Classical education is often viewed as dull, difficult, and dizzying. The impression is that you need to have your kids reading Latin by age seven while diagramming the same sentence in Greek while simultaneously reading The Illiad.
It’s not really that.
We chose classical education fourteen years ago, but I lost sight of why awhile back and just recently realized that. I wondered if there are many other homeschooling moms out there who either have forgotten what classical education is all about or some who have always misunderstood it.
I thought I’d do a little ‘splaining. See if you notice anything you pegged wrong.
The Big Picture
Classical education’s two primary goals are training a student how to be a good thinker and then teaching that student to explain and defend his opinions and decisions. In the Christian classical education home, this means that a student should be able to defend their faith by the time they are young adults.
Those are the most important aspects of classical education.
Does this surprise you? Well, it did surprise me when I heard Susan Wise Bauer say it in the session at the THSC Conference titled The Joy of Classical Education (click here for her free outline). It shouldn’t have, though, because I knew this years ago and Paul and I decided those were our two main goals for the academic aspect of our home.
I got bogged down in the minutia though. You know, the subjects, the curriculum choosing, the books, the daily schedule… everything.
Honestly, the brush strokes that make up the classical education picture are pretty stinkin’ daunting and when you have more than two students in your homeschool (at least for me… adding the third was a doozy), there are a lot of brush strokes. More on that in a minute.
The Frame of the Picture
The method of the classical education philosophy is tried and true. Seriously. Thousands of years proves that.
Something tried and true within the overwhelming array of choices as far as educational philosophies and methods was very appealing to me when starting out (and it still is!).
There are important parts of the tried and true that made complete sense to us. I immediately and especially appreciated a method that recognized stages of development in a child’s life and tasks to focus on that were appropriate for that stage. Making the most of each stage appealed to me.
Honestly, though, it was one of the things I had started doing wrong because I lost sight of the big picture. Turns out that if you forget the big picture, you can do the little parts of it wrong. That makes sense, though, right? Kinda like if you forget what the final entree is supposed to be like, you could add wrong ingredients without catching on until you take a bite.
Here are the very basics of the basics:
The trivium: grammar, logic, and rhetoric stages. These stages build on one another. First, input of information (grammar), next development of evaluation skills (logic) , finally choosing and defending a stance (rhetoric).

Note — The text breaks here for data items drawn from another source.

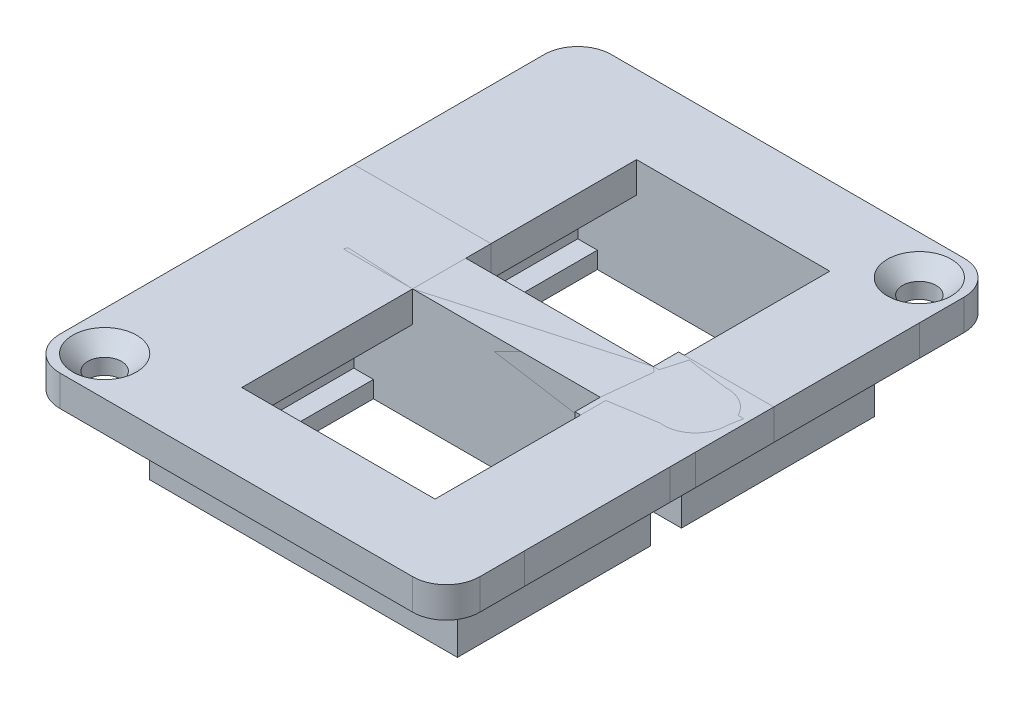
SolidWorks part; units mm, degrees
ref_plane "Front Plane" through (0, 0, 0) normal (0, 0, 1) x (1, 0, 0)
ref_plane "Top Plane" through (0, 0, 0) normal (0, 1, 0) x (1, 0, 0)
ref_plane "Right Plane" through (0, 0, 0) normal (1, 0, 0) x (0, 0, -1)
sketch "Sketch1" plane through (0, 0, 0) normal (0, 0, 1) x (1, 0, 0)
  line L0 (-5.75, 0) -> (10.25, 0) construction
  line L1 (10.25, 0) -> (10.25, -6.5) construction
  line L2 (10.25, -8) -> (11.75, -8) construction
  line L3 (-10.25, -10) -> (-10.25, -13.8781) construction
  line L4 (11.75, -8) -> (10.25, -6.5) construction
  line L5 (10.25, -8) -> (10.25, -9.5)
  line L6 (10.25, -10) -> (-5.75, -10) construction
  line L7 (-8.75, -8) -> (-8.75, -13.8781) construction
  line L8 (-5.75, 0) -> (-5.75, -10) construction
  line L9 (-5.75, 0) -> (-5.75, -8) construction
  line L10 (10.25, 0) -> (10.25, -8) construction
  line L11 (-10.25, -5) -> (-8.75, -8) construction
  line L12 (-10.25, -5) -> (-11.25, -8) construction
  line L13 (-11.75, -8) -> (-10, -8)
  line L14 (-8.75, -5) -> (-8.75, -10) construction
  line L15 (-10.25, -5) -> (-10.25, -10) construction
  line L16 (-8.75, -13.8781) -> (-10.25, -13.8781) construction
  line L19 (10.7534, 0.75) -> (10.7534, -1.9966)
  line L22 (10.25, -8) -> (11.75, -8)
  line L23 (11.75, -8) -> (11.75, -1.9966)
  line L27 (13.75, -1.9966) -> (18.75, -1.9966)
  line L33 (2.25, 0) -> (2.25, -10) construction
  line L47 (-11.75, -8) -> (-11.75, -1.9966)
  line L51 (-13.75, -1.9966) -> (-13.75, -9.5)
  line L53 (-13.75, -1.9966) -> (-18.75, -1.9966)
  line L59 (13.75, -1.9966) -> (13.75, -9.5)
  line L60 (18.75, 0.75) -> (18.75, -1.9966)
  line L61 (-18.75, 0.75) -> (-18.75, -1.9966)
  line L64 (-6.5034, -1.9966) -> (-11.75, -1.9966)
  line L65 (10.7534, -1.9966) -> (11.75, -1.9966)
  line L69 (-10, -9.5) -> (-10, -8)
  line L70 (-13.75, -9.5) -> (-10, -9.5)
  line L71 (-11.75, -9.5) -> (-10, -9.5) construction
  line L72 (10.25, -9.5) -> (13.75, -9.5)
  line L73 (10.25, -9.5) -> (11.75, -9.5) construction
  line L74 (-6.5034, 0.75) -> (-6.5034, -1.9966)
  line L75 (-6.5034, 0.75) -> (-18.75, 0.75)
  line L76 (10.7534, 0.75) -> (18.75, 0.75)
  dimension "D1" = 27.5
  dimension "D2" = 5
  dimension "D3" = 1.5
  dimension "D4" = 16
  dimension "D5" = 1.5
  dimension "D6" = 6.5
  dimension "D7" = 10
  dimension "D8" = 5
extrude "Boss-Extrude1" add sketch "Sketch1" along normal blind 15.25
sketch "Sketch2" plane through (0, 0, 15.25) normal (0, 0, 1) x (1, 0, 0)
  line L2 (18.7534, -1.9966) -> (-18.7534, -1.9966)
  line L4 (-18.7534, -1.9966) -> (-18.7534, 0.75)
  line L5 (18.7534, 0.75) -> (18.7534, -1.9966)
  line L7 (-18.7534, 0.75) -> (18.7534, 0.75)
extrude "Boss-Extrude2" add sketch "Sketch2" along normal blind 7
sketch "Sketch3" plane through (0, 0, 0) normal (0, 0, -1) x (-1, 0, 0)
  line L2 (18.7534, -1.9966) -> (-18.7534, -1.9966)
  line L4 (-18.7534, -1.9966) -> (-18.7534, 0.75)
  line L5 (18.7534, 0.75) -> (18.7534, -1.9966)
  line L7 (-18.7534, 0.75) -> (18.7534, 0.75)
extrude "Boss-Extrude3" add sketch "Sketch3" along normal blind 7
sketch "Sketch9" plane through (0, -1.9966, 0) normal (0, -1, 0) x (1, 0, 0)
  line L0 (18.75, 15.25) -> (18.75, 0) construction
  line L1 (18.7534, -7) -> (-18.7534, -7) construction
  line L2 (-18.75, 15.25) -> (-18.75, 0) construction
  line L3 (-18.7534, 22.25) -> (18.7534, 22.25) construction
  circle A1 centre (-15.25, 18.75) radius 1.5
  circle A5 centre (15.25, -3.5) radius 1.5
  dimension "D1" = 3.5
  dimension "D3" = 3.5
  dimension "D2" = 3.5
  dimension "D4" = 3.5
extrude "Cut-Extrude1" cut sketch "Sketch9" against normal blind 12
sketch "Sketch10" plane through (0, 0.75, 0) normal (0, 1, 0) x (1, 0, 0)
  circle A0 centre (-15.25, -18.75) radius 2.85
  circle A1 centre (15.25, 3.5) radius 2.85
extrude "Cut-Extrude2" cut sketch "Sketch10" against normal blind 6 draft 45
sketch "Sketch11" plane through (0, -1.9966, 0) normal (0, -1, 0) x (1, 0, 0)
  line L0 (-13.75, 15.25) -> (13.75, 15.25)
  line L21 (-13.75, 16.25) -> (13.75, 16.25)
  line L22 (-11.75, 16.25) -> (-6.2534, 16.25) construction
  line L25 (-11.75, 15.25) -> (-6.2534, 15.25) construction
  line L26 (-13.75, 15.25) -> (-13.75, 16.25)
  line L27 (13.75, 15.25) -> (13.75, 16.25)
  line L28 (13.75, 0) -> (13.75, -1)
  line L29 (-13.75, 0) -> (-13.75, -1)
  line L30 (-13.75, -1) -> (13.75, -1)
  line L31 (-13.75, 0) -> (13.75, 0)
extrude "Boss-Extrude5" add sketch "Sketch11" along normal up to vertex (7.5034 mm away) contours L21 L27 L0 L26 | L28 L30 L29 L31 up to point (-13.75, -9.5, 15.25)
ref_plane "Plane2" through (0, 0, -4) normal (0, 0, -1) x (-1, 0, 0)
pattern_linear "LPattern3" count 2 spacing 20 along (0, 0, -1) of "Boss-Extrude1"
fillet "Fillet1" radius 3 2 edges at (18.7534, -0.6233, 22.25) (-18.7534, -0.6233, 22.25)
fillet "Fillet2" radius 3 2 edges at (18.7534, -0.6233, -27) (-18.7534, -0.6233, -27)
sketch "Sketch13" plane through (0, -1.9966, 0) normal (0, -1, 0) x (1, 0, 0)
  line L0 (-6.5034, 7.625) -> (10.25, 7.625) construction
  line L1 (-6.5034, 15.25) -> (-6.5034, 0) construction
  line L2 (10.25, 15.25) -> (10.25, 0) construction
  line L3 (-6.5034, 15.25) -> (10.25, 15.25)
  line L4 (10.25, 15.25) -> (10.25, 0)
  line L5 (10.25, 0) -> (-6.5034, 0)
  line L6 (-6.5034, 15.25) -> (-6.5034, 0)
  line L7 (-6.5034, -20) -> (10.25, -20)
  line L8 (10.25, -20) -> (10.25, -4.75)
  line L9 (10.25, -4.75) -> (-6.5034, -4.75)
  line L10 (-6.5034, -4.75) -> (-6.5034, -20)
extrude "Cut-Extrude4" cut sketch "Sketch13" against normal blind 10

Language full: lots and lots of language, mostly through well written books, throughout all of a child’s education
Real books (living books & original sources): these are books that are written by someone very familiar with the topic; well written materials with relevance
Memorizing: self explanatory, no?
Repeated history cycles: a four year cycle where history is broken into segments, studied again and again (typically 2-3 times from K-12) at different depths (since in the grammar stage, it’s mostly facts and not until the rhetoric stage that evaluation of the events/people takes place)
The Brushstrokes within the Big Picture
So… before I talk about the brush strokes within the picture, I want you to remember what’s most important, ok? (becoming a good thinker and growing in communication abilities to defend themselves in all areas) When too many brush strokes enter the canvas, you can lose the big picture.
The brush strokes are the subjects: math, grammar, literature, science, spelling, history, and languages. This where most people get lost. They lose sight and allow others (books, magazines, people, blogs, etc) to become stumbling blocks: causing them to feel like they have to keep piling it on … “more is better!”
This can be very overwhelming for a homeschooling mom.
Here are two things I’ve just recently learned, though:
- Stick to the plan that is appropriate for the stages.
- More is not better.
Keeping things simpler (there is a difference between challenging and over doing) makes it easier to learn. And to teach.
Yes, teach the major subjects. Yes, enjoy many good books. Yes, cycle through history. BUT do it in a way, with a curriculum and a plan, that allows you to keep your focus right… so the big picture is achieved.
That is still just as much a classical education as one that starts Greek at age seven.
Classical education is not just for brainiacs. It’s for those who want to cultivate a strong and logical thinker!